Copy out each line from the start of the material below until the line with "settings Model: Creator=zhu", that line included.

# # # # #

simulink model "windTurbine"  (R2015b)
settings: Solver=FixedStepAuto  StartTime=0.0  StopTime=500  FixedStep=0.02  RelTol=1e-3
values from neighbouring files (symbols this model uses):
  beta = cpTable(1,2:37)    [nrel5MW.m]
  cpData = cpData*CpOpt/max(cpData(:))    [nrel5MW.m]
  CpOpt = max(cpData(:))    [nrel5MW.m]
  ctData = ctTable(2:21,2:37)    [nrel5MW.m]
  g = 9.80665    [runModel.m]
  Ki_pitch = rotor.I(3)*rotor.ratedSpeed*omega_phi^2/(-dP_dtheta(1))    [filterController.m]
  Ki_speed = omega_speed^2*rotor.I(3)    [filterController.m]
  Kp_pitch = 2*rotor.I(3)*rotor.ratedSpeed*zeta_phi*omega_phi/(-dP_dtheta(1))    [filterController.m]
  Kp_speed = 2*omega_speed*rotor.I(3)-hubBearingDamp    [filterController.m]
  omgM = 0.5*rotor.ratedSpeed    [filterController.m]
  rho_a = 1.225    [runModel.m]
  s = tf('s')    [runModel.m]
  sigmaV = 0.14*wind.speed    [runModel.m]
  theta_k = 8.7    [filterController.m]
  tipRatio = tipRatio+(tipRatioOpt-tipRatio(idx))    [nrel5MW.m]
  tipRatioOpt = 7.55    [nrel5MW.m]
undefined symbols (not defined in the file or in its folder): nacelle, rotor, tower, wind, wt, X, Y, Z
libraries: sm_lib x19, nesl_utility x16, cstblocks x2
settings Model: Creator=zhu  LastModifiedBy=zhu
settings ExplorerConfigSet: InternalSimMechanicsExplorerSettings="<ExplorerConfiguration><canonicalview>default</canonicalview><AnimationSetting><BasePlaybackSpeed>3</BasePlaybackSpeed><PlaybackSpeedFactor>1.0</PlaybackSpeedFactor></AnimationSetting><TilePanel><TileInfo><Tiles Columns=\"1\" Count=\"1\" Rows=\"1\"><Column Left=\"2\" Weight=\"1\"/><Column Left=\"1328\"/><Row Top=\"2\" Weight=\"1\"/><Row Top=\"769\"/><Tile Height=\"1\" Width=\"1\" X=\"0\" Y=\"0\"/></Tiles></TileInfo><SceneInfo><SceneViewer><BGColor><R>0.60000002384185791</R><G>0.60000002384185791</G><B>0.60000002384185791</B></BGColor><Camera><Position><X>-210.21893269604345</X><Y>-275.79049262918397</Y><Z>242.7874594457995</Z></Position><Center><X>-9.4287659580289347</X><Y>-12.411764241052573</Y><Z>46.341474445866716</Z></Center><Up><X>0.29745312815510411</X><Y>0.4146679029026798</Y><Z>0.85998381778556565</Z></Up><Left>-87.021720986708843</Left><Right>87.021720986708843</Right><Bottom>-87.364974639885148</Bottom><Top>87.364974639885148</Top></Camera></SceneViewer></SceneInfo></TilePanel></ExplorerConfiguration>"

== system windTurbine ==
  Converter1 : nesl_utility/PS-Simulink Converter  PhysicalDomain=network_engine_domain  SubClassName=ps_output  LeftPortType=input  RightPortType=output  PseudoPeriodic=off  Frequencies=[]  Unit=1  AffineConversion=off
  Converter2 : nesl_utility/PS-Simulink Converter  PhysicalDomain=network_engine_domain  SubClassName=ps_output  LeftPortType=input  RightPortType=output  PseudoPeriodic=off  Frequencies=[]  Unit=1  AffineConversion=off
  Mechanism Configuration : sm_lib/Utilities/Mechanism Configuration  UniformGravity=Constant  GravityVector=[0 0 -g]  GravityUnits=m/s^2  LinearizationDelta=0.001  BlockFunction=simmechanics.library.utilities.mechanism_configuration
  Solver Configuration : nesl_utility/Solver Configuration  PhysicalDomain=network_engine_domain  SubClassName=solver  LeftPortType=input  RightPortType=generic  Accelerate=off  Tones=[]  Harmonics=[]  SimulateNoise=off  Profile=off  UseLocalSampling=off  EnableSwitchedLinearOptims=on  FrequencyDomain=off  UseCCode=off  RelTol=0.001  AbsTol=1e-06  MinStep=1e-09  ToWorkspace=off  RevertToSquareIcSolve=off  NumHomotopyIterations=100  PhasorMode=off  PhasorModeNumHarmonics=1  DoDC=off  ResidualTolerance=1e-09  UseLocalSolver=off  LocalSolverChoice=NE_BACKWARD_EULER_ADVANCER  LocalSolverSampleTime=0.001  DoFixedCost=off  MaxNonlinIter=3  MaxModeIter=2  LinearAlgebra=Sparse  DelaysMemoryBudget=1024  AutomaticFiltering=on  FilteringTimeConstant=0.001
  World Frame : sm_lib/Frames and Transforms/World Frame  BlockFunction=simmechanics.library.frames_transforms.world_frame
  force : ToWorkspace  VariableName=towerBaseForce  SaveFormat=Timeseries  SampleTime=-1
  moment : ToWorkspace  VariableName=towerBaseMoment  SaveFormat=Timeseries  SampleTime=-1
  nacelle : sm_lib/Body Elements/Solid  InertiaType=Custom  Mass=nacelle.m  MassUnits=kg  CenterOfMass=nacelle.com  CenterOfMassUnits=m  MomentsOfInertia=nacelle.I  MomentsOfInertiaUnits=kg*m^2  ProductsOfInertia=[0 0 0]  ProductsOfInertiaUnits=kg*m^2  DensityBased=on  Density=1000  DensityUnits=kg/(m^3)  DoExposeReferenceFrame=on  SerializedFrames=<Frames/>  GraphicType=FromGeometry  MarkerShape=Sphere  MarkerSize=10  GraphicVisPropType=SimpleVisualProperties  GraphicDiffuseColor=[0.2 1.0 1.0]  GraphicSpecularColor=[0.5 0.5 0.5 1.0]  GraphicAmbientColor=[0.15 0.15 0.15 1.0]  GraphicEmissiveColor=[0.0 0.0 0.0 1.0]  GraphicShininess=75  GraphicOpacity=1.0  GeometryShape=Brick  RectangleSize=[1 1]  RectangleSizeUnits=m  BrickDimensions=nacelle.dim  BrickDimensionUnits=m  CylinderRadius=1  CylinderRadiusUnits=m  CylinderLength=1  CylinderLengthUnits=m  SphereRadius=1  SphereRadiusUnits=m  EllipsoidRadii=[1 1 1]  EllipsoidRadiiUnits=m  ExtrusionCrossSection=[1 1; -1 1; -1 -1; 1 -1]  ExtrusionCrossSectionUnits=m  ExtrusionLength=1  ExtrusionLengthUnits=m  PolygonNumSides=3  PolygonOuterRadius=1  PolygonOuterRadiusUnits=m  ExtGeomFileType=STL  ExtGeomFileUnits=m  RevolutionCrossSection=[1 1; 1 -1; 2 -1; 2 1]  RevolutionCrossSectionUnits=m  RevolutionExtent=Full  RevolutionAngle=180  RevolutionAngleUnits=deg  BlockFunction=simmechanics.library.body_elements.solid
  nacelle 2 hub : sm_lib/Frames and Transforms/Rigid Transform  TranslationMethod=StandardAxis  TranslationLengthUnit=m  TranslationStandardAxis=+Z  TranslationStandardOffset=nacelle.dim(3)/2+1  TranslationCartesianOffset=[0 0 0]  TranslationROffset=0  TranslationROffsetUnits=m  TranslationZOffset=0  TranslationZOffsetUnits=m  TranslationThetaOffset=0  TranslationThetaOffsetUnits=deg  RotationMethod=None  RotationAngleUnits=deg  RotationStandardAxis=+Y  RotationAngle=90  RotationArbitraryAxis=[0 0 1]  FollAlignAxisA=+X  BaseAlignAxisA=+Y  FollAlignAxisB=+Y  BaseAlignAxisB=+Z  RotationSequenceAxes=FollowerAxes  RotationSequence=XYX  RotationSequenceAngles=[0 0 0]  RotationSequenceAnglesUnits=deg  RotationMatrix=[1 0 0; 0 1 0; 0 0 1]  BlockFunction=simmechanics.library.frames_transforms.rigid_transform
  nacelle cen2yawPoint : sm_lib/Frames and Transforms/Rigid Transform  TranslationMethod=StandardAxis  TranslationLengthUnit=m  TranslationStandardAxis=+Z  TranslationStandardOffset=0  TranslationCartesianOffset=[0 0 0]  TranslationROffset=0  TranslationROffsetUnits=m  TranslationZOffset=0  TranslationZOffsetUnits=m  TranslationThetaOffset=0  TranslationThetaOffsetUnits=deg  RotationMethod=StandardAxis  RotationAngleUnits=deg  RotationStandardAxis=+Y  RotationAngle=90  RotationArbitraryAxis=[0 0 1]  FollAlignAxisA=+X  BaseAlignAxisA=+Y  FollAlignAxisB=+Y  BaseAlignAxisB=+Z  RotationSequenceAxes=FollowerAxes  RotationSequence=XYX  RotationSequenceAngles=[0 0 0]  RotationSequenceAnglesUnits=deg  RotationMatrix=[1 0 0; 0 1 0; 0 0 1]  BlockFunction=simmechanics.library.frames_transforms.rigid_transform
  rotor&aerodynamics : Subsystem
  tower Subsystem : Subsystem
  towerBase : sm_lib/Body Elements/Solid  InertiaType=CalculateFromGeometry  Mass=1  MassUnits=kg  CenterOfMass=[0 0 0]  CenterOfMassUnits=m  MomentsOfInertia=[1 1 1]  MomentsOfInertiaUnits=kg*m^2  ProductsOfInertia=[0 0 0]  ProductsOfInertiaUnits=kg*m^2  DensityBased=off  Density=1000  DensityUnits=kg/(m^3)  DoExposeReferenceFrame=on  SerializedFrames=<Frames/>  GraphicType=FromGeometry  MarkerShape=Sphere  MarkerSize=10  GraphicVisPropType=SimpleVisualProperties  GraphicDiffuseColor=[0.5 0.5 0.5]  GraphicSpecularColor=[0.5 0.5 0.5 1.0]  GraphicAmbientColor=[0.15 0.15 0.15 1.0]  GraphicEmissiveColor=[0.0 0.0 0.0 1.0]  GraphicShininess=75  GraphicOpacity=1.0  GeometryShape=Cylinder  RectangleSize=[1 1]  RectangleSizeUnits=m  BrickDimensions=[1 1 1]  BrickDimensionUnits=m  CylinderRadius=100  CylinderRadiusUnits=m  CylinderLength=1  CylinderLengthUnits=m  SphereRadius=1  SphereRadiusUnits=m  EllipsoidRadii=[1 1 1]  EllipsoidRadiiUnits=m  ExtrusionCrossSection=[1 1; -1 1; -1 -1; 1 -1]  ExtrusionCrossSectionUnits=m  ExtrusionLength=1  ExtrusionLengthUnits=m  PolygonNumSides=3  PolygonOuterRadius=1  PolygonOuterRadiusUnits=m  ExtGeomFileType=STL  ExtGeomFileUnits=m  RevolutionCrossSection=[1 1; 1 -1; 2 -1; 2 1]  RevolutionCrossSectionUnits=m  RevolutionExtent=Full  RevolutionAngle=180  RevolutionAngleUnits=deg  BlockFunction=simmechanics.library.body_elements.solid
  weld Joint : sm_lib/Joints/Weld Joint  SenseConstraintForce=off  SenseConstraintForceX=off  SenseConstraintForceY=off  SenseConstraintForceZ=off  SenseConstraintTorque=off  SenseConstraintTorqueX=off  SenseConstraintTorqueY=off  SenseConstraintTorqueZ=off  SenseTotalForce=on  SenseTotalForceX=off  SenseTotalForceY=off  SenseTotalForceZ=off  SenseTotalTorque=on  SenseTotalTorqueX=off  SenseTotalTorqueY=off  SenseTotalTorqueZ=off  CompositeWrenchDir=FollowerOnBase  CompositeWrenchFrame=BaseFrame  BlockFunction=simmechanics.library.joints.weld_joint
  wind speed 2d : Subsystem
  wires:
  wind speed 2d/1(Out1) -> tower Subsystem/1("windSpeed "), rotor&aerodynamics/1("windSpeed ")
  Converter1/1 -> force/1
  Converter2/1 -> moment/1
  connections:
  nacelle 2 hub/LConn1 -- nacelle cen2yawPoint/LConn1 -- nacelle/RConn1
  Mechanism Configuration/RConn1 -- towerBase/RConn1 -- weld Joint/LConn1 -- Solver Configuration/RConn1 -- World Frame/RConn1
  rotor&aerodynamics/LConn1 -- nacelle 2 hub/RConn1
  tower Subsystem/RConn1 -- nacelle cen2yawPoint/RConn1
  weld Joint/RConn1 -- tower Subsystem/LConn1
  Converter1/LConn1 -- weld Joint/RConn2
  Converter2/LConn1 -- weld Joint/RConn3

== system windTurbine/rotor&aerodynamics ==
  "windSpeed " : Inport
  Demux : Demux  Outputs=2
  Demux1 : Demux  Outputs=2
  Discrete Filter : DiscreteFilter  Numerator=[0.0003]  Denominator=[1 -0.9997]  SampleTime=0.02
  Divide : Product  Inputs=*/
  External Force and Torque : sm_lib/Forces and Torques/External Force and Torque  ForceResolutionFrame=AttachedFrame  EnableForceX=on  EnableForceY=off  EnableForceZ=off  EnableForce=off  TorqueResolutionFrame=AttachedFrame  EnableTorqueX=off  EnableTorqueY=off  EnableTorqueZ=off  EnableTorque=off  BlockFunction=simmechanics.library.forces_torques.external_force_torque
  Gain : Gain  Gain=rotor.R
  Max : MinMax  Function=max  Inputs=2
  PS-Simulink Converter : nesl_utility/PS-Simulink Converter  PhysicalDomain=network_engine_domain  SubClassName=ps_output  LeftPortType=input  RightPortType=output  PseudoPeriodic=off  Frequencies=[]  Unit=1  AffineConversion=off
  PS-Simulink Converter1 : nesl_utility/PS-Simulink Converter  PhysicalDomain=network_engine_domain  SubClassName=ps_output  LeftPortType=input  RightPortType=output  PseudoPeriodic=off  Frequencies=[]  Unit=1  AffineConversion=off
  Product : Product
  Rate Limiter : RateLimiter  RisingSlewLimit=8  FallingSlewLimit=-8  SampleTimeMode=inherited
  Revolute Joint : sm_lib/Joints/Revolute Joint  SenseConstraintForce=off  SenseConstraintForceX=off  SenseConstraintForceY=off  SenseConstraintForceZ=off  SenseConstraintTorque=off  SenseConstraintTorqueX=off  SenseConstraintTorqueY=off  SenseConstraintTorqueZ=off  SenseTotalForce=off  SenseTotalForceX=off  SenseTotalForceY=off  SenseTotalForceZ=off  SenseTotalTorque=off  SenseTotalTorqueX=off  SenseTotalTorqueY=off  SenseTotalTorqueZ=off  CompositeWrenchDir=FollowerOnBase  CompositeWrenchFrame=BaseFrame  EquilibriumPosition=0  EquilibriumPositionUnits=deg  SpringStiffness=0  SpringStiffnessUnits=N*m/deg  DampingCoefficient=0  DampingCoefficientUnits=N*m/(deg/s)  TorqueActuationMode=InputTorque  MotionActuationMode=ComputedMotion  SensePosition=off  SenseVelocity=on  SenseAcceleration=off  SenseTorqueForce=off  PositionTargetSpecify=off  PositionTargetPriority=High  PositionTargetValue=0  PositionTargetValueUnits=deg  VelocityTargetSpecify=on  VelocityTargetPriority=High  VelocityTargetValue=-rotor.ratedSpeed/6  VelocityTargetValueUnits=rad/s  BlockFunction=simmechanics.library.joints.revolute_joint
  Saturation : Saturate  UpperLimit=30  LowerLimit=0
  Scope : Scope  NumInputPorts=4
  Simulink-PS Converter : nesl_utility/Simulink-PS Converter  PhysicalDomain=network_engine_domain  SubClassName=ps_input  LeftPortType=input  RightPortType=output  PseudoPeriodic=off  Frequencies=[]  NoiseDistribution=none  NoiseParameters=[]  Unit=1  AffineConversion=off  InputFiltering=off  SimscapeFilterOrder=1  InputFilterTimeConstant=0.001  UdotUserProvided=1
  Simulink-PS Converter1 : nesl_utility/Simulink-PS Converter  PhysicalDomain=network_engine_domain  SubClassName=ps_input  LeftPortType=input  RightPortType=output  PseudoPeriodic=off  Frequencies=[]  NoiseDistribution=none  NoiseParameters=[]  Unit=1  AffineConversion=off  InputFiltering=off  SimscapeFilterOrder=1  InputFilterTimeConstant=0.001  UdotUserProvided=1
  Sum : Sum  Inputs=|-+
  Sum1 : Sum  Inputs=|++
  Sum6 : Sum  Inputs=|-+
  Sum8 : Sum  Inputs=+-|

# # # # #

WRITTEN SOLUTION:
simulink model "windTurbine"  (R2015b)
settings: Solver=FixedStepAuto  StartTime=0.0  StopTime=500  FixedStep=0.02  RelTol=1e-3
values from neighbouring files (symbols this model uses):
  beta = cpTable(1,2:37)    [nrel5MW.m]
  cpData = cpData*CpOpt/max(cpData(:))    [nrel5MW.m]
  CpOpt = max(cpData(:))    [nrel5MW.m]
  ctData = ctTable(2:21,2:37)    [nrel5MW.m]
  g = 9.80665    [runModel.m]
  Ki_pitch = rotor.I(3)*rotor.ratedSpeed*omega_phi^2/(-dP_dtheta(1))    [filterController.m]
  Ki_speed = omega_speed^2*rotor.I(3)    [filterController.m]
  Kp_pitch = 2*rotor.I(3)*rotor.ratedSpeed*zeta_phi*omega_phi/(-dP_dtheta(1))    [filterController.m]
  Kp_speed = 2*omega_speed*rotor.I(3)-hubBearingDamp    [filterController.m]
  omgM = 0.5*rotor.ratedSpeed    [filterController.m]
  rho_a = 1.225    [runModel.m]
  s = tf('s')    [runModel.m]
  sigmaV = 0.14*wind.speed    [runModel.m]
  theta_k = 8.7    [filterController.m]
  tipRatio = tipRatio+(tipRatioOpt-tipRatio(idx))    [nrel5MW.m]
  tipRatioOpt = 7.55    [nrel5MW.m]
undefined symbols (not defined in the file or in its folder): nacelle, rotor, tower, wind, wt, X, Y, Z
libraries: sm_lib x19, nesl_utility x16, cstblocks x2
settings Model: Creator=zhu  LastModifiedBy=zhu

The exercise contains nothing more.